If you have decided that you have had enough, or you want to slim your business down by selling a part of it, you will need to understand the legal procedures needed to achieve this. You may have been approached by a potential buyer and this has prompted you to consider moving on. You may know that you will have to have a legal contract in place that it will have to be negotiated with a buyer, but you may well be unaware of the number of things that need to be dealt with before you reach that stage. This note aims to explain the process in order to ensure that there will be no surprises.
The due diligence procedure
You may have been talking informally to a prospective buyer for a while but, as soon as an agreement has been reached in principle, that buyer will want to start investigating your company on a more formal basis.
This process is known as due diligence, and its purpose is to ensure that the buyer can obtain as much information as possible about your company, its clients and its day to day business as possible. The buyer needs this information in order to decide whether to proceed and the price he needs to pay you. In the course of their investigations, buyers may discover things that might mean they ask for specific indemnities from you or, at worst, they may decide not to proceed.
A quick and painless process of selling you company or business will only be achievable if you have thought it through and prepared thoroughly. You should consider putting documentation in place (but beware confidentiality problems, either by alerting your staff of a potential sale or giving the buyer more than he may require), ready to hand over to the buyer when requested.
When the buyer is ready to start the due diligence process, his solicitors will send your solicitors a detailed questionnaire, covering all aspects of your business. You should ensure, before any information is sent to the buyer in response, that a confidentiality agreement is in place, together with a lock-in agreement for a specified period of time, if appropriate.
Your solicitors will then liaise with the buyers solicitors to coordinate the replies to the questionnaire and the documents in support. This procedure can cause delays and sometimes frustration if you have not prepared properly. You need to ensure that you are well organised at this stage so that the next stage, the disclosure letter, will not add to the length of time needed to complete the sale and possibly cause the buyer to look elsewhere.
In the meantime, your solicitors will be reviewing and negotiating the sale agreement drafted by the buyers solicitors.
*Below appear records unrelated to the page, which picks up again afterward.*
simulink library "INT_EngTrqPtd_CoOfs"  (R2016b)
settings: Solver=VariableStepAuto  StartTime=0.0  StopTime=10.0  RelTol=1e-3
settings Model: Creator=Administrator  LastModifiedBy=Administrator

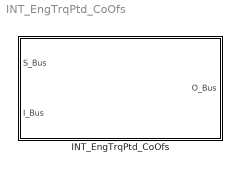
== system INT_EngTrqPtd_CoOfs ==
  INT_EngTrqPtd_CoOfs : Subsystem

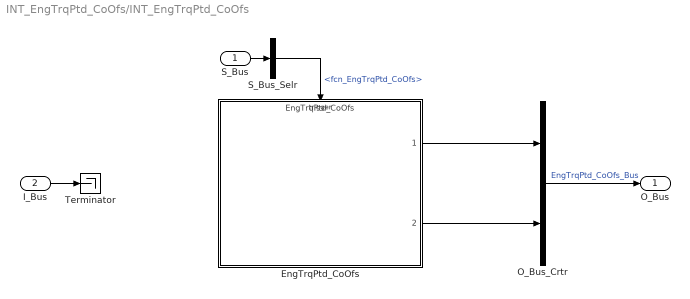
== system INT_EngTrqPtd_CoOfs/INT_EngTrqPtd_CoOfs ==
  S_Bus : Inport
  I_Bus : Inport  Port=2
  EngTrqPtd_CoOfs : ModelReference  ModelNameDialog=EngTrqPtd_CoOfs  SimulationMode=Normal  ModelReferenceVersion=1.2  TriggerPortName=function  TriggerPortTriggerType=function-call  TriggerPortStatesWhenEnabling=held
  O_Bus_Crtr : BusCreator  Inputs=2
  S_Bus_Selr : BusSelector  OutputSignals=fcn_EngTrqPtd_CoOfs
  Terminator : Terminator
  O_Bus : Outport
  wires:
  S_Bus_Selr/1 -> EngTrqPtd_CoOfs/Trigger  "<fcn_EngTrqPtd_CoOfs>"
  S_Bus/1 -> S_Bus_Selr/1
  I_Bus/1 -> Terminator/1
  O_Bus_Crtr/1 -> O_Bus/1  "EngTrqPtd_CoOfs_Bus"
  EngTrqPtd_CoOfs/1 -> O_Bus_Crtr/1
  EngTrqPtd_CoOfs/2 -> O_Bus_Crtr/2

The agreement is likely to contain a schedule of warranties that you will be required to give, promising that your company or business is in the condition you contractually state that it is, and setting out any liabilities it may have.
The disclosure letter
The warranties need to be accurate; if they are not, the buyer may have a claim against you after the sale has been completed. For this reason, you will have the opportunity to put together a disclosure letter that qualifies the warranties given to the buyer that will give you some protection against any claim. Even if your business is not performing at its best and there are things you might not want the buyer to know about, we always advise sellers to disclose as much as possible to the buyer in the disclosure letter. Things swept under the carpet almost invariably come to light sooner rather than later.
All disclosures, provided they are made fairly and accepted by the buyer, will protect you from a claim for breach of warranty after the sale. The disclosure letter will travel backwards and forwards between the solicitors, as will the various drafts of the sale and purchase agreement during the negotiation process. Depending on the number of warranties the buyer is seeking, do not be surprised at the length of time it may take to arrive at agreed documents.
Once the agreement and the disclosure letter are finalised there will be some additional short documents to be prepared by the solicitors for both sides and, once these are ready for signature, the completion process can take place and the sale and purchase finished.
This article provides a summary of the issues involved and is not a comprehensive guide. It is not intended to be relied or acted upon without taking specific legal advice.